May 26, 2010

MSF Report Warns Funding Cuts Will Undermine Achievements, Cause Unnecessary Deaths

Johanesburg/New York, May 27, 2010 - Backtracking by international donors of HIV/AIDS treatment risks undermining years of positive achievements and will cause many more unnecessary deaths, warned the medical humanitarian organization Doctors Without Borders/Médecins Sans Frontières (MSF) in a new report released today.

Titled “No time to quit: HIV/AIDS treatment gap widening in Africa,” the report builds on analyses made in eight sub-Saharan countries to illustrate how major international funding institutions such as the U.S. President’s Plan for Emergency AIDS Relief (PEPFAR), the World Bank, UNITAID, and donors to the Global Fund to Fight AIDS, TB and Malaria, have decided to cap, reduce, or withdraw their spending on HIV treatment and antiretroviral drugs (ARVs) over the past year-and-a-half.

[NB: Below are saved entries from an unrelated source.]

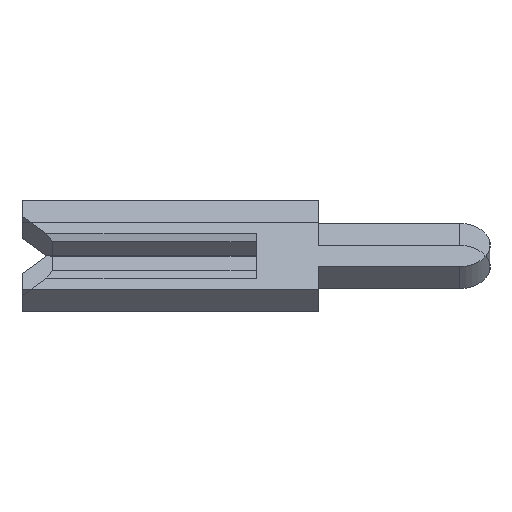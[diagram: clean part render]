
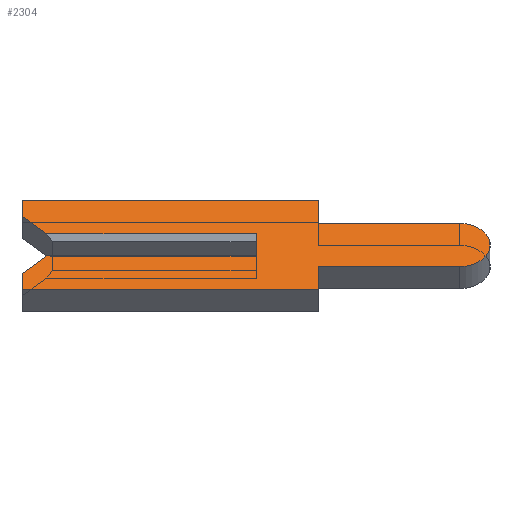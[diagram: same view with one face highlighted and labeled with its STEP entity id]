
A CAD part, left-side view. The second image highlights one B-rep face of the part: STEP entity #2304.
In plain terms, the highlighted face is planar.
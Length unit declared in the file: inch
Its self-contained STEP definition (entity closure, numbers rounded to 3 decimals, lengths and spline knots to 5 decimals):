
#76 = CARTESIAN_POINT ( 'NONE',  ( -0.01, -0.1305, 0.0195 ) ) ;
#85 = ORIENTED_EDGE ( 'NONE', *, *, #1687, .T. ) ;
#87 = CARTESIAN_POINT ( 'NONE',  ( -0.01, 0.15, 0.026 ) ) ;
#98 = EDGE_CURVE ( 'NONE', #1691, #1441, #183, .T. ) ;
#110 = FACE_OUTER_BOUND ( 'NONE', #979, .T. ) ;
#124 = CARTESIAN_POINT ( 'NONE',  ( -0.01, -0.04, -0.0195 ) ) ;
#134 = VECTOR ( 'NONE', #2438, 39.37008 ) ;
#149 = ORIENTED_EDGE ( 'NONE', *, *, #1879, .F. ) ;
#169 = CARTESIAN_POINT ( 'NONE',  ( -0.01, 0.134, 0.01 ) ) ;
#183 = LINE ( 'NONE', #1856, #663 ) ;
#193 = ORIENTED_EDGE ( 'NONE', *, *, #560, .F. ) ;
#205 = DIRECTION ( 'NONE',  ( 1., 0., 0. ) ) ;
#239 = EDGE_CURVE ( 'NONE', #500, #897, #639, .T. ) ;
#260 = EDGE_CURVE ( 'NONE', #1990, #1691, #1975, .T. ) ;
#262 = VECTOR ( 'NONE', #2502, 39.37008 ) ;
#317 = EDGE_CURVE ( 'NONE', #1662, #620, #2070, .T. ) ;
#356 = ORIENTED_EDGE ( 'NONE', *, *, #1611, .F. ) ;
#381 = VERTEX_POINT ( 'NONE', #1457 ) ;
#410 = LINE ( 'NONE', #1046, #1958 ) ;
#416 = ORIENTED_EDGE ( 'NONE', *, *, #98, .F. ) ;
#438 = CARTESIAN_POINT ( 'NONE',  ( -0.01, -0.04, 0.04 ) ) ;
#445 = VERTEX_POINT ( 'NONE', #2083 ) ;
#468 = LINE ( 'NONE', #1646, #1093 ) ;
#476 = LINE ( 'NONE', #1833, #134 ) ;
#488 = ORIENTED_EDGE ( 'NONE', *, *, #1315, .F. ) ;
#500 = VERTEX_POINT ( 'NONE', #855 ) ;
#513 = CARTESIAN_POINT ( 'NONE',  ( -0.01, 0.1305, 0.0065 ) ) ;
#560 = EDGE_CURVE ( 'NONE', #2328, #2129, #1070, .T. ) ;
#605 = CARTESIAN_POINT ( 'NONE',  ( -0.01, 0.15, -0.026 ) ) ;
#620 = VERTEX_POINT ( 'NONE', #1138 ) ;
#637 = CARTESIAN_POINT ( 'NONE',  ( -0.01, -0.04, -0.0195 ) ) ;
#639 = LINE ( 'NONE', #2274, #1587 ) ;
#648 = DIRECTION ( 'NONE',  ( 0., 0., 1. ) ) ;
#663 = VECTOR ( 'NONE', #1702, 39.37008 ) ;
#682 = CARTESIAN_POINT ( 'NONE',  ( -0.01, -0.1305, -0.0195 ) ) ;
#855 = CARTESIAN_POINT ( 'NONE',  ( -0.01, 0., -0.01 ) ) ;
#867 = LINE ( 'NONE', #513, #262 ) ;
#870 = DIRECTION ( 'NONE',  ( 0., 0., 1. ) ) ;
#881 = DIRECTION ( 'NONE',  ( 0., 0., -1. ) ) ;
#897 = VERTEX_POINT ( 'NONE', #1976 ) ;
#912 = EDGE_CURVE ( 'NONE', #381, #1662, #1998, .T. ) ;
#940 = VERTEX_POINT ( 'NONE', #169 ) ;
#963 = ORIENTED_EDGE ( 'NONE', *, *, #1863, .F. ) ;
#967 = AXIS2_PLACEMENT_3D ( 'NONE', #2401, #205, #995 ) ;
#978 = LINE ( 'NONE', #2228, #2387 ) ;
#979 = EDGE_LOOP ( 'NONE', ( #85, #2201, #356, #2293, #1301, #963, #416, #2512, #488, #193, #1033, #2436, #149, #2485 ) ) ;
#995 = DIRECTION ( 'NONE',  ( 0., 0., -1. ) ) ;
#1033 = ORIENTED_EDGE ( 'NONE', *, *, #2011, .F. ) ;
#1039 = DIRECTION ( 'NONE',  ( 0., -0.707, 0.707 ) ) ;
#1040 = VECTOR ( 'NONE', #1039, 39.37008 ) ;
#1046 = CARTESIAN_POINT ( 'NONE',  ( -0.01, -0.04, 0.04 ) ) ;
#1070 = LINE ( 'NONE', #1564, #1559 ) ;
#1078 = PLANE ( 'NONE',  #1770 ) ;
#1093 = VECTOR ( 'NONE', #1419, 39.37008 ) ;
#1111 = DIRECTION ( 'NONE',  ( 0., 1., 0. ) ) ;
#1138 = CARTESIAN_POINT ( 'NONE',  ( -0.01, 0.134, -0.01 ) ) ;
#1202 = LINE ( 'NONE', #2426, #2282 ) ;
#1261 = CIRCLE ( 'NONE', #967, 0.0195 ) ;
#1289 = CARTESIAN_POINT ( 'NONE',  ( -0.01, -0.1305, 0. ) ) ;
#1295 = VECTOR ( 'NONE', #1111, 39.37008 ) ;
#1301 = ORIENTED_EDGE ( 'NONE', *, *, #912, .F. ) ;
#1314 = DIRECTION ( 'NONE',  ( 0., 0., 1. ) ) ;
#1315 = EDGE_CURVE ( 'NONE', #2129, #1990, #1261, .T. ) ;
#1419 = DIRECTION ( 'NONE',  ( 0., -1., 0. ) ) ;
#1429 = CARTESIAN_POINT ( 'NONE',  ( -0.01, -0.04, -0.04 ) ) ;
#1441 = VERTEX_POINT ( 'NONE', #1429 ) ;
#1450 = VECTOR ( 'NONE', #1314, 39.37008 ) ;
#1457 = CARTESIAN_POINT ( 'NONE',  ( -0.01, 0.15, -0.04 ) ) ;
#1477 = VECTOR ( 'NONE', #870, 39.37008 ) ;
#1490 = CARTESIAN_POINT ( 'NONE',  ( -0.01, 0.15, 0.026 ) ) ;
#1519 = CARTESIAN_POINT ( 'NONE',  ( -0.01, 0.1305, -0.0065 ) ) ;
#1543 = CARTESIAN_POINT ( 'NONE',  ( -0.01, 0.15, -0.026 ) ) ;
#1559 = VECTOR ( 'NONE', #1738, 39.37008 ) ;
#1564 = CARTESIAN_POINT ( 'NONE',  ( -0.01, -0.04, 0.0195 ) ) ;
#1587 = VECTOR ( 'NONE', #648, 39.37008 ) ;
#1611 = EDGE_CURVE ( 'NONE', #620, #500, #468, .T. ) ;
#1646 = CARTESIAN_POINT ( 'NONE',  ( -0.01, -0.1305, -0.01 ) ) ;
#1662 = VERTEX_POINT ( 'NONE', #605 ) ;
#1687 = EDGE_CURVE ( 'NONE', #940, #897, #1202, .T. ) ;
#1691 = VERTEX_POINT ( 'NONE', #637 ) ;
#1693 = DIRECTION ( 'NONE',  ( 0., 0., -1. ) ) ;
#1702 = DIRECTION ( 'NONE',  ( 0., 0., -1. ) ) ;
#1707 = DIRECTION ( 'NONE',  ( 1., 0., 0. ) ) ;
#1714 = CARTESIAN_POINT ( 'NONE',  ( -0.01, -0.04, 0.0195 ) ) ;
#1738 = DIRECTION ( 'NONE',  ( 0., -1., 0. ) ) ;
#1751 = VERTEX_POINT ( 'NONE', #438 ) ;
#1770 = AXIS2_PLACEMENT_3D ( 'NONE', #1289, #1707, #1693 ) ;
#1803 = DIRECTION ( 'NONE',  ( 0., 1., 0. ) ) ;
#1821 = EDGE_CURVE ( 'NONE', #445, #1751, #476, .T. ) ;
#1833 = CARTESIAN_POINT ( 'NONE',  ( -0.01, 0.15, 0.04 ) ) ;
#1856 = CARTESIAN_POINT ( 'NONE',  ( -0.01, -0.04, -0.04 ) ) ;
#1863 = EDGE_CURVE ( 'NONE', #1441, #381, #978, .T. ) ;
#1879 = EDGE_CURVE ( 'NONE', #1987, #445, #2325, .T. ) ;
#1958 = VECTOR ( 'NONE', #881, 39.37008 ) ;
#1975 = LINE ( 'NONE', #124, #1295 ) ;
#1976 = CARTESIAN_POINT ( 'NONE',  ( -0.01, 0., 0.01 ) ) ;
#1987 = VERTEX_POINT ( 'NONE', #87 ) ;
#1990 = VERTEX_POINT ( 'NONE', #682 ) ;
#1998 = LINE ( 'NONE', #1543, #1450 ) ;
#2011 = EDGE_CURVE ( 'NONE', #1751, #2328, #410, .T. ) ;
#2041 = DIRECTION ( 'NONE',  ( 0., -1., 0. ) ) ;
#2070 = LINE ( 'NONE', #1519, #1040 ) ;
#2083 = CARTESIAN_POINT ( 'NONE',  ( -0.01, 0.15, 0.04 ) ) ;
#2129 = VERTEX_POINT ( 'NONE', #76 ) ;
#2201 = ORIENTED_EDGE ( 'NONE', *, *, #239, .F. ) ;
#2228 = CARTESIAN_POINT ( 'NONE',  ( -0.01, 0.15, -0.04 ) ) ;
#2274 = CARTESIAN_POINT ( 'NONE',  ( -0.01, 0., 0.0065 ) ) ;
#2282 = VECTOR ( 'NONE', #2041, 39.37008 ) ;
#2293 = ORIENTED_EDGE ( 'NONE', *, *, #317, .F. ) ;
#2304 = ADVANCED_FACE ( 'NONE', ( #110 ), #1078, .F. ) ;
#2325 = LINE ( 'NONE', #1490, #1477 ) ;
#2328 = VERTEX_POINT ( 'NONE', #1714 ) ;
#2387 = VECTOR ( 'NONE', #1803, 39.37008 ) ;
#2401 = CARTESIAN_POINT ( 'NONE',  ( -0.01, -0.1305, 0. ) ) ;
#2426 = CARTESIAN_POINT ( 'NONE',  ( -0.01, 0.15, 0.01 ) ) ;
#2436 = ORIENTED_EDGE ( 'NONE', *, *, #1821, .F. ) ;
#2438 = DIRECTION ( 'NONE',  ( 0., -1., 0. ) ) ;
#2485 = ORIENTED_EDGE ( 'NONE', *, *, #2526, .F. ) ;
#2502 = DIRECTION ( 'NONE',  ( 0., 0.707, 0.707 ) ) ;
#2512 = ORIENTED_EDGE ( 'NONE', *, *, #260, .F. ) ;
#2526 = EDGE_CURVE ( 'NONE', #940, #1987, #867, .T. ) ;
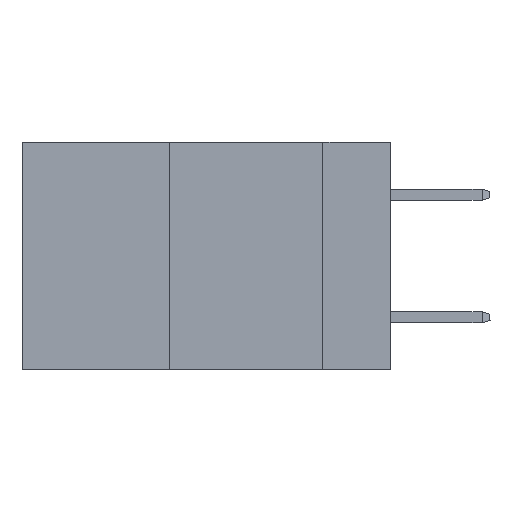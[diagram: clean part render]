
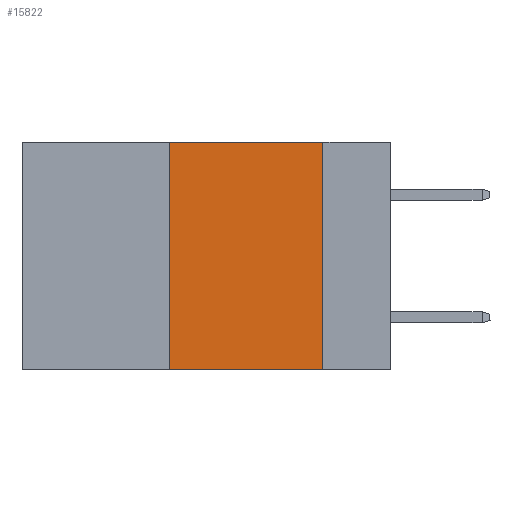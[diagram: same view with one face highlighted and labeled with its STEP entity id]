
A CAD part, left-side view. The second image highlights one B-rep face of the part: STEP entity #15822.
In plain terms, the highlighted planar face has unit normal (-1, 0, 0).
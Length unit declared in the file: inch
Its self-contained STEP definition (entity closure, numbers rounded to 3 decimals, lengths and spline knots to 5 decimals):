
#390 = ORIENTED_EDGE ( 'NONE', *, *, #18237, .F. ) ;
#1687 = EDGE_LOOP ( 'NONE', ( #15448, #390, #3386, #26951 ) ) ;
#1899 = VERTEX_POINT ( 'NONE', #24850 ) ;
#2170 = CARTESIAN_POINT ( 'NONE',  ( 0., 0.11, 0. ) ) ;
#2177 = CARTESIAN_POINT ( 'NONE',  ( 0., 0.36, -0.37 ) ) ;
#2654 = AXIS2_PLACEMENT_3D ( 'NONE', #12545, #17444, #3050 ) ;
#3050 = DIRECTION ( 'NONE',  ( 0., 0., -1. ) ) ;
#3386 = ORIENTED_EDGE ( 'NONE', *, *, #16896, .F. ) ;
#3553 = CARTESIAN_POINT ( 'NONE',  ( 0., 0.36, 0. ) ) ;
#3854 = CARTESIAN_POINT ( 'NONE',  ( 0., 0.11, 0. ) ) ;
#4055 = VECTOR ( 'NONE', #14007, 39.37008 ) ;
#7555 = PLANE ( 'NONE',  #2654 ) ;
#7891 = LINE ( 'NONE', #3553, #20769 ) ;
#8199 = EDGE_CURVE ( 'NONE', #22505, #1899, #24756, .T. ) ;
#8406 = DIRECTION ( 'NONE',  ( 0., -1., 0. ) ) ;
#9329 = VECTOR ( 'NONE', #18257, 39.37008 ) ;
#9605 = CARTESIAN_POINT ( 'NONE',  ( 0., 0.6, -0.37 ) ) ;
#10310 = VERTEX_POINT ( 'NONE', #30674 ) ;
#10855 = VECTOR ( 'NONE', #8406, 39.37008 ) ;
#11189 = LINE ( 'NONE', #3854, #9329 ) ;
#12545 = CARTESIAN_POINT ( 'NONE',  ( 0., 0.6, 0. ) ) ;
#13617 = CARTESIAN_POINT ( 'NONE',  ( 0., 0.6, 0. ) ) ;
#14007 = DIRECTION ( 'NONE',  ( 0., -1., 0. ) ) ;
#14121 = VERTEX_POINT ( 'NONE', #2170 ) ;
#15448 = ORIENTED_EDGE ( 'NONE', *, *, #18767, .F. ) ;
#15822 = ADVANCED_FACE ( 'NONE', ( #22333 ), #7555, .F. ) ;
#16896 = EDGE_CURVE ( 'NONE', #22505, #10310, #7891, .T. ) ;
#17444 = DIRECTION ( 'NONE',  ( 1., 0., 0. ) ) ;
#18237 = EDGE_CURVE ( 'NONE', #10310, #14121, #22182, .T. ) ;
#18257 = DIRECTION ( 'NONE',  ( 0., 0., -1. ) ) ;
#18767 = EDGE_CURVE ( 'NONE', #14121, #1899, #11189, .T. ) ;
#20769 = VECTOR ( 'NONE', #23305, 39.37008 ) ;
#22182 = LINE ( 'NONE', #13617, #10855 ) ;
#22333 = FACE_OUTER_BOUND ( 'NONE', #1687, .T. ) ;
#22505 = VERTEX_POINT ( 'NONE', #2177 ) ;
#23305 = DIRECTION ( 'NONE',  ( 0., 0., 1. ) ) ;
#24756 = LINE ( 'NONE', #9605, #4055 ) ;
#24850 = CARTESIAN_POINT ( 'NONE',  ( 0., 0.11, -0.37 ) ) ;
#26951 = ORIENTED_EDGE ( 'NONE', *, *, #8199, .T. ) ;
#30674 = CARTESIAN_POINT ( 'NONE',  ( 0., 0.36, 0. ) ) ;

“How can we give up the fight halfway and pretend that the crisis is over?” asked Dr. Mit Philips, health policy analyst for MSF and one of the authors of the report. “Nine million people worldwide in need of urgent treatment still lack access to lifesaving care - two thirds of them in sub-Saharan Africa alone. There is a real risk that many of them will die within the next few years if necessary steps are not taken now. The current donor retreat will prevent more people from accessing treatment and will threaten to undermine all the progress made since the introduction of ARVs,” she said.

PEPFAR reduced its budget for the purchase of ARVs in 2009 and 2010, and also introduced a freeze on its overall HIV/AIDS budget. Other donors, such as UNITAID and the World Bank, have announced reductions over the coming years in funding for antiretroviral drugs in Malawi, Zimbabwe, Mozambique, Uganda, and the Democratic Republic of Congo (DRC).

The Global Fund, the largest funding institution in the fight against HIV/AIDS, faces a major funding shortfall. The US, the Netherlands, and Ireland have already announced that they will reduce their contributions to the Global Fund. In 2009-2010, contributions to already approved country grants were reduced by 8-12 percent.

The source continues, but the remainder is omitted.